[SUPPLIED RECORDS — start]

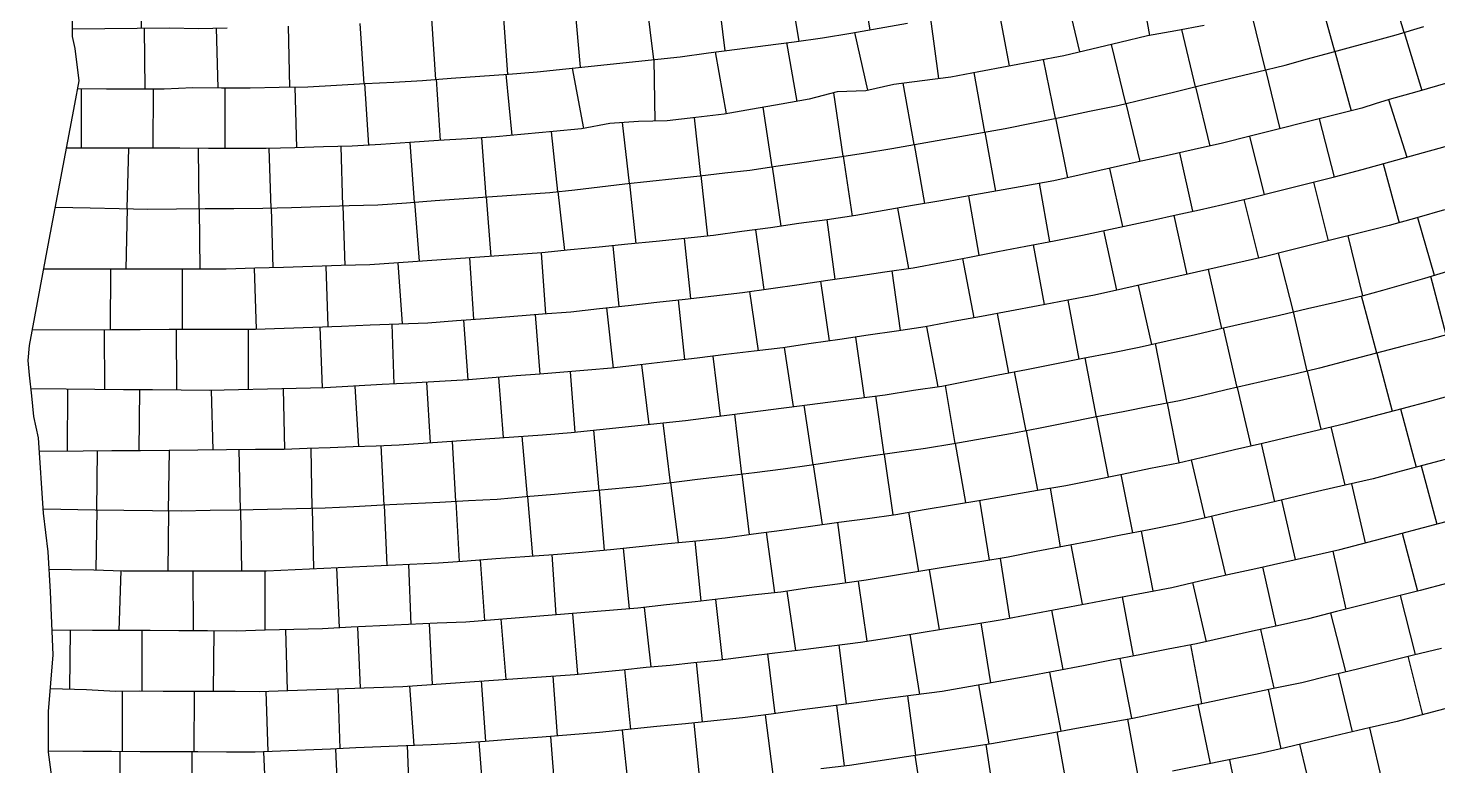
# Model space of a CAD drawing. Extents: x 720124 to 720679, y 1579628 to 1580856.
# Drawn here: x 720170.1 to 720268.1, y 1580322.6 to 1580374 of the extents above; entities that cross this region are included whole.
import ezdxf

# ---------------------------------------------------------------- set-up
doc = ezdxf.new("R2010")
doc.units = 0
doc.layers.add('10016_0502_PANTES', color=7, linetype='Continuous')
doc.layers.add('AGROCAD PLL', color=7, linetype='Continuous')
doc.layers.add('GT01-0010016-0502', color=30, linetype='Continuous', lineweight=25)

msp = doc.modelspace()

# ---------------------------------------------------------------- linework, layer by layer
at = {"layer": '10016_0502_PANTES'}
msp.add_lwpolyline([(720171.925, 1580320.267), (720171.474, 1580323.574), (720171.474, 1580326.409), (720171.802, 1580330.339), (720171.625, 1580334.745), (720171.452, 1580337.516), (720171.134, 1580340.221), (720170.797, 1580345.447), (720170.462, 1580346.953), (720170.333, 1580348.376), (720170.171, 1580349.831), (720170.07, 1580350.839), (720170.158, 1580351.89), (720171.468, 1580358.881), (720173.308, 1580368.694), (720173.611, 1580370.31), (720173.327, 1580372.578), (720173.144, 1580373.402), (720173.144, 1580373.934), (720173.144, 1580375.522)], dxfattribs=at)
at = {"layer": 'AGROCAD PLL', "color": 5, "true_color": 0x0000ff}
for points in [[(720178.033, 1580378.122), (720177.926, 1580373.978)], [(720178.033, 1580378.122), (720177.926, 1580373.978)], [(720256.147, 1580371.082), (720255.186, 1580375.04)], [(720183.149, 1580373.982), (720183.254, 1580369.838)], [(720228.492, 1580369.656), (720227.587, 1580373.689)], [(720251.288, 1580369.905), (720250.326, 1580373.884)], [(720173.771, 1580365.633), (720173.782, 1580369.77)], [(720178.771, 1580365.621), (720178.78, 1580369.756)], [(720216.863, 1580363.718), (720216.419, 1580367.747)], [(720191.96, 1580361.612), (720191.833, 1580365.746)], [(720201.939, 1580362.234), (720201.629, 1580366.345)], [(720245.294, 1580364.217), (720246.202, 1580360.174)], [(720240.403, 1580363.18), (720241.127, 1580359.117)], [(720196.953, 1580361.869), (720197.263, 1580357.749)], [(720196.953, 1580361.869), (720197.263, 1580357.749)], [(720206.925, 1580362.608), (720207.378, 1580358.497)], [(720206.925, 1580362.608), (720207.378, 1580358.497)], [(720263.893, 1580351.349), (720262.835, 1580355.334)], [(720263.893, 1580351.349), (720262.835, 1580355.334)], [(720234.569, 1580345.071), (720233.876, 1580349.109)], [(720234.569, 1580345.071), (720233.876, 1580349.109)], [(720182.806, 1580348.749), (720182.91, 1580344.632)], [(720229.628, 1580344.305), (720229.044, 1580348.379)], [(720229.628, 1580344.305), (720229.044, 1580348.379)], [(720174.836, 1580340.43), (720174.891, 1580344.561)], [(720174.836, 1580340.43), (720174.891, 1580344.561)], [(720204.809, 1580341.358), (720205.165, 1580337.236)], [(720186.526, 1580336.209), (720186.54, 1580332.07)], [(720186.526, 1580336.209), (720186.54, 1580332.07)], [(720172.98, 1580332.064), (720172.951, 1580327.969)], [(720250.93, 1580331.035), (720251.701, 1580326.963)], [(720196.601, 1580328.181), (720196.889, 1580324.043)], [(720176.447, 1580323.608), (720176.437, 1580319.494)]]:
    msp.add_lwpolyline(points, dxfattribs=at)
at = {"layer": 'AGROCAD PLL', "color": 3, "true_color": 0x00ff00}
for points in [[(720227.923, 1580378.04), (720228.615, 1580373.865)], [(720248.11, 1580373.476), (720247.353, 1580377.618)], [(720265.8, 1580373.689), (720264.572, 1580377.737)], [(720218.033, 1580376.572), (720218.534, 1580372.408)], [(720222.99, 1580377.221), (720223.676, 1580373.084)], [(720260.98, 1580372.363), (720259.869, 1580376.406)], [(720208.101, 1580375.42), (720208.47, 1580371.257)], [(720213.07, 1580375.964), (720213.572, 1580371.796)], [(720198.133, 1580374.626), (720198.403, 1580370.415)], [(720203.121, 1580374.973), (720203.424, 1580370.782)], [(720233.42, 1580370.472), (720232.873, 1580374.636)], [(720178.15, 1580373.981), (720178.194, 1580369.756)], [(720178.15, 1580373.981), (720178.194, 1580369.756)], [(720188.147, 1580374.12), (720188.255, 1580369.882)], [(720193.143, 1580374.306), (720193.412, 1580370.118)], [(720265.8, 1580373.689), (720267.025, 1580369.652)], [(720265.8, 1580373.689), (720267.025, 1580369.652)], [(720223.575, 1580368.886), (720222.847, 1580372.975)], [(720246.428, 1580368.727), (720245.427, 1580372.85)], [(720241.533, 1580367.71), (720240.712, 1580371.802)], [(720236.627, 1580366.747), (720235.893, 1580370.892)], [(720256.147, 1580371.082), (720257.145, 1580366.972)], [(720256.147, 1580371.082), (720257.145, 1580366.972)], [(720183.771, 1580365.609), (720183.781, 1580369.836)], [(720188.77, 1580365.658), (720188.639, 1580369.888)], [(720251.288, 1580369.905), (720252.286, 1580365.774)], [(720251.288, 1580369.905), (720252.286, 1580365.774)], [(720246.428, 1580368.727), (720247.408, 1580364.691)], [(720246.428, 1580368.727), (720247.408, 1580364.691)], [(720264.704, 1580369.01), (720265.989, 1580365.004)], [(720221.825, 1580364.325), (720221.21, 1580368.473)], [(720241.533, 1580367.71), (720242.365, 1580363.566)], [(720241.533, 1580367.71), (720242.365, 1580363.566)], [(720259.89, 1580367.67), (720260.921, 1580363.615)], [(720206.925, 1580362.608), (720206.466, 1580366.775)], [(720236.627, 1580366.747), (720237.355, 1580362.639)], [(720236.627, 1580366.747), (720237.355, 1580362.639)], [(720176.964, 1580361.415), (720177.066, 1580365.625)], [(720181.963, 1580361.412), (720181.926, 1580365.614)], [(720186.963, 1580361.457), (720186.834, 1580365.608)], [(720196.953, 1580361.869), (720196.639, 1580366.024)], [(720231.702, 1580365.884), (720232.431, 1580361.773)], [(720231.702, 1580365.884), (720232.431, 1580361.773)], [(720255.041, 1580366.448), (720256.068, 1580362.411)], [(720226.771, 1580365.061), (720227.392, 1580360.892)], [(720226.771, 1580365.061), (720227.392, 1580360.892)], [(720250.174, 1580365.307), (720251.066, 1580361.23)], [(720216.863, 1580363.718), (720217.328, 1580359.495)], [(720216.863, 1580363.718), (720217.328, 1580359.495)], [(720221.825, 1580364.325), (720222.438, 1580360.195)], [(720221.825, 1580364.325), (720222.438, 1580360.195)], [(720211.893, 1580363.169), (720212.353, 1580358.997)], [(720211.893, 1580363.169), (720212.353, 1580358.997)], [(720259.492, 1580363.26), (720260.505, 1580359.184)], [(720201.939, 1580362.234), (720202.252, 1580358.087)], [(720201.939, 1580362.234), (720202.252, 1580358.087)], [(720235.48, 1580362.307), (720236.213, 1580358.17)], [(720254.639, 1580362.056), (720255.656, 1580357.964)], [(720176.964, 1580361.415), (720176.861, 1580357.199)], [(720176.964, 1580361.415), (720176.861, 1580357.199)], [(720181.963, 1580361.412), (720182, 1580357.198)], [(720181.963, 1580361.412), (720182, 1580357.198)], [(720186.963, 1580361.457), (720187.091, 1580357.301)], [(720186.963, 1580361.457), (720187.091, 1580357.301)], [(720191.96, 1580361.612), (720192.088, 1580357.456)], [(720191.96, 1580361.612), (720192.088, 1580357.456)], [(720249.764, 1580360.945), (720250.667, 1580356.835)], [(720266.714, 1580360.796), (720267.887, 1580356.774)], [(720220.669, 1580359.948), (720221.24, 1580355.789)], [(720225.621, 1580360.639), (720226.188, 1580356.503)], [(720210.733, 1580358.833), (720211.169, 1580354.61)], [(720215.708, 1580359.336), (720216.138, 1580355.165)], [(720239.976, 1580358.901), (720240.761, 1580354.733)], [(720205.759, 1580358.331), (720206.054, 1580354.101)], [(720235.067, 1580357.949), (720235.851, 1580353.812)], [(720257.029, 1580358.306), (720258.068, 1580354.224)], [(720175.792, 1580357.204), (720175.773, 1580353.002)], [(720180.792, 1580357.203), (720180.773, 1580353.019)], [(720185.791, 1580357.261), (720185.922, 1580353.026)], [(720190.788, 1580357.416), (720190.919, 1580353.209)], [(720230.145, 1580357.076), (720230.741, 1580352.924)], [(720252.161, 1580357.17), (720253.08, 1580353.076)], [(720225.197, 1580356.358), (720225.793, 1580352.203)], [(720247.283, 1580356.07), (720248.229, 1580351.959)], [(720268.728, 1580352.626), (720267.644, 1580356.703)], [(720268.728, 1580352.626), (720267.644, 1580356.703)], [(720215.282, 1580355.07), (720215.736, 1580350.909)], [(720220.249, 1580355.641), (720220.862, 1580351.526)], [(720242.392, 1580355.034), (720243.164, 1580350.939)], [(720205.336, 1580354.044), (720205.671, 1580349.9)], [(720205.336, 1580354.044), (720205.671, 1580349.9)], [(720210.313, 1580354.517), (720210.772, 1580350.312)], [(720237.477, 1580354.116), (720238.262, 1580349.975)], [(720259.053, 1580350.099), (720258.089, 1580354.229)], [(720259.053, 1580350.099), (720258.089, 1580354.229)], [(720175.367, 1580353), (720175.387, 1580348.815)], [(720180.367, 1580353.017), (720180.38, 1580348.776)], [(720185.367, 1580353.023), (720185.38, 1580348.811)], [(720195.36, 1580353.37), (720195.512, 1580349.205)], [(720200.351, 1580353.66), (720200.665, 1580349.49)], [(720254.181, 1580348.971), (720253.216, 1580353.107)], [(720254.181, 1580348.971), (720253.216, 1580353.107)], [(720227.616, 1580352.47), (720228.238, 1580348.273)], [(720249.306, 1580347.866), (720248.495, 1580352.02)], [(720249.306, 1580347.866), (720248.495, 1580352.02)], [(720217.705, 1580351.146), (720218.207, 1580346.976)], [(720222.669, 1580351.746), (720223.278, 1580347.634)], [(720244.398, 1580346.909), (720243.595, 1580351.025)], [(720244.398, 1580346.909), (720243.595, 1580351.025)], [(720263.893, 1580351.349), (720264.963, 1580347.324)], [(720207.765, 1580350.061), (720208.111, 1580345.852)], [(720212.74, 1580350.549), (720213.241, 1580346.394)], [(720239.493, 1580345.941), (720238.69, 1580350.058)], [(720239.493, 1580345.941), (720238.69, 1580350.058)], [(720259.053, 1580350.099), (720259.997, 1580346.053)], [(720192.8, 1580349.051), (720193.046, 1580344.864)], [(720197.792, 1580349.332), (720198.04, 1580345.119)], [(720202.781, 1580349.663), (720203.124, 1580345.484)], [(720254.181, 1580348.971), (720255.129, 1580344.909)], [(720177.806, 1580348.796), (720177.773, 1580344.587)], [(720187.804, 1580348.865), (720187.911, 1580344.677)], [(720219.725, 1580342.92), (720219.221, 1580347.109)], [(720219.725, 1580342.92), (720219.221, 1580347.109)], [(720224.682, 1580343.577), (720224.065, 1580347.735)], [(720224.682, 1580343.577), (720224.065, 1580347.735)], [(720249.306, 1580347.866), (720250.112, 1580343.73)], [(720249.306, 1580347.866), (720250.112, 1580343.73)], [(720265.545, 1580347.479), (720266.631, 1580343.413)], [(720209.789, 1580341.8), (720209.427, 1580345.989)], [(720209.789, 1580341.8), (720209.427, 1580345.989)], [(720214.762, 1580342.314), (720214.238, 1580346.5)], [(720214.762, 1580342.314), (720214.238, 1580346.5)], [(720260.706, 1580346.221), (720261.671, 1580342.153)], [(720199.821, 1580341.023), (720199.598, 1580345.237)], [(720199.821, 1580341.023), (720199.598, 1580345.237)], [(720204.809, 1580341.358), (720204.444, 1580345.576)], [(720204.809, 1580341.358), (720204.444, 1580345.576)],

[SUPPLIED RECORDS — finish]

BRIEF:
Looking only at the data above, say how many of its lines contain the string "AGROCAD", and nothing more.

TASK OUTPUT:
3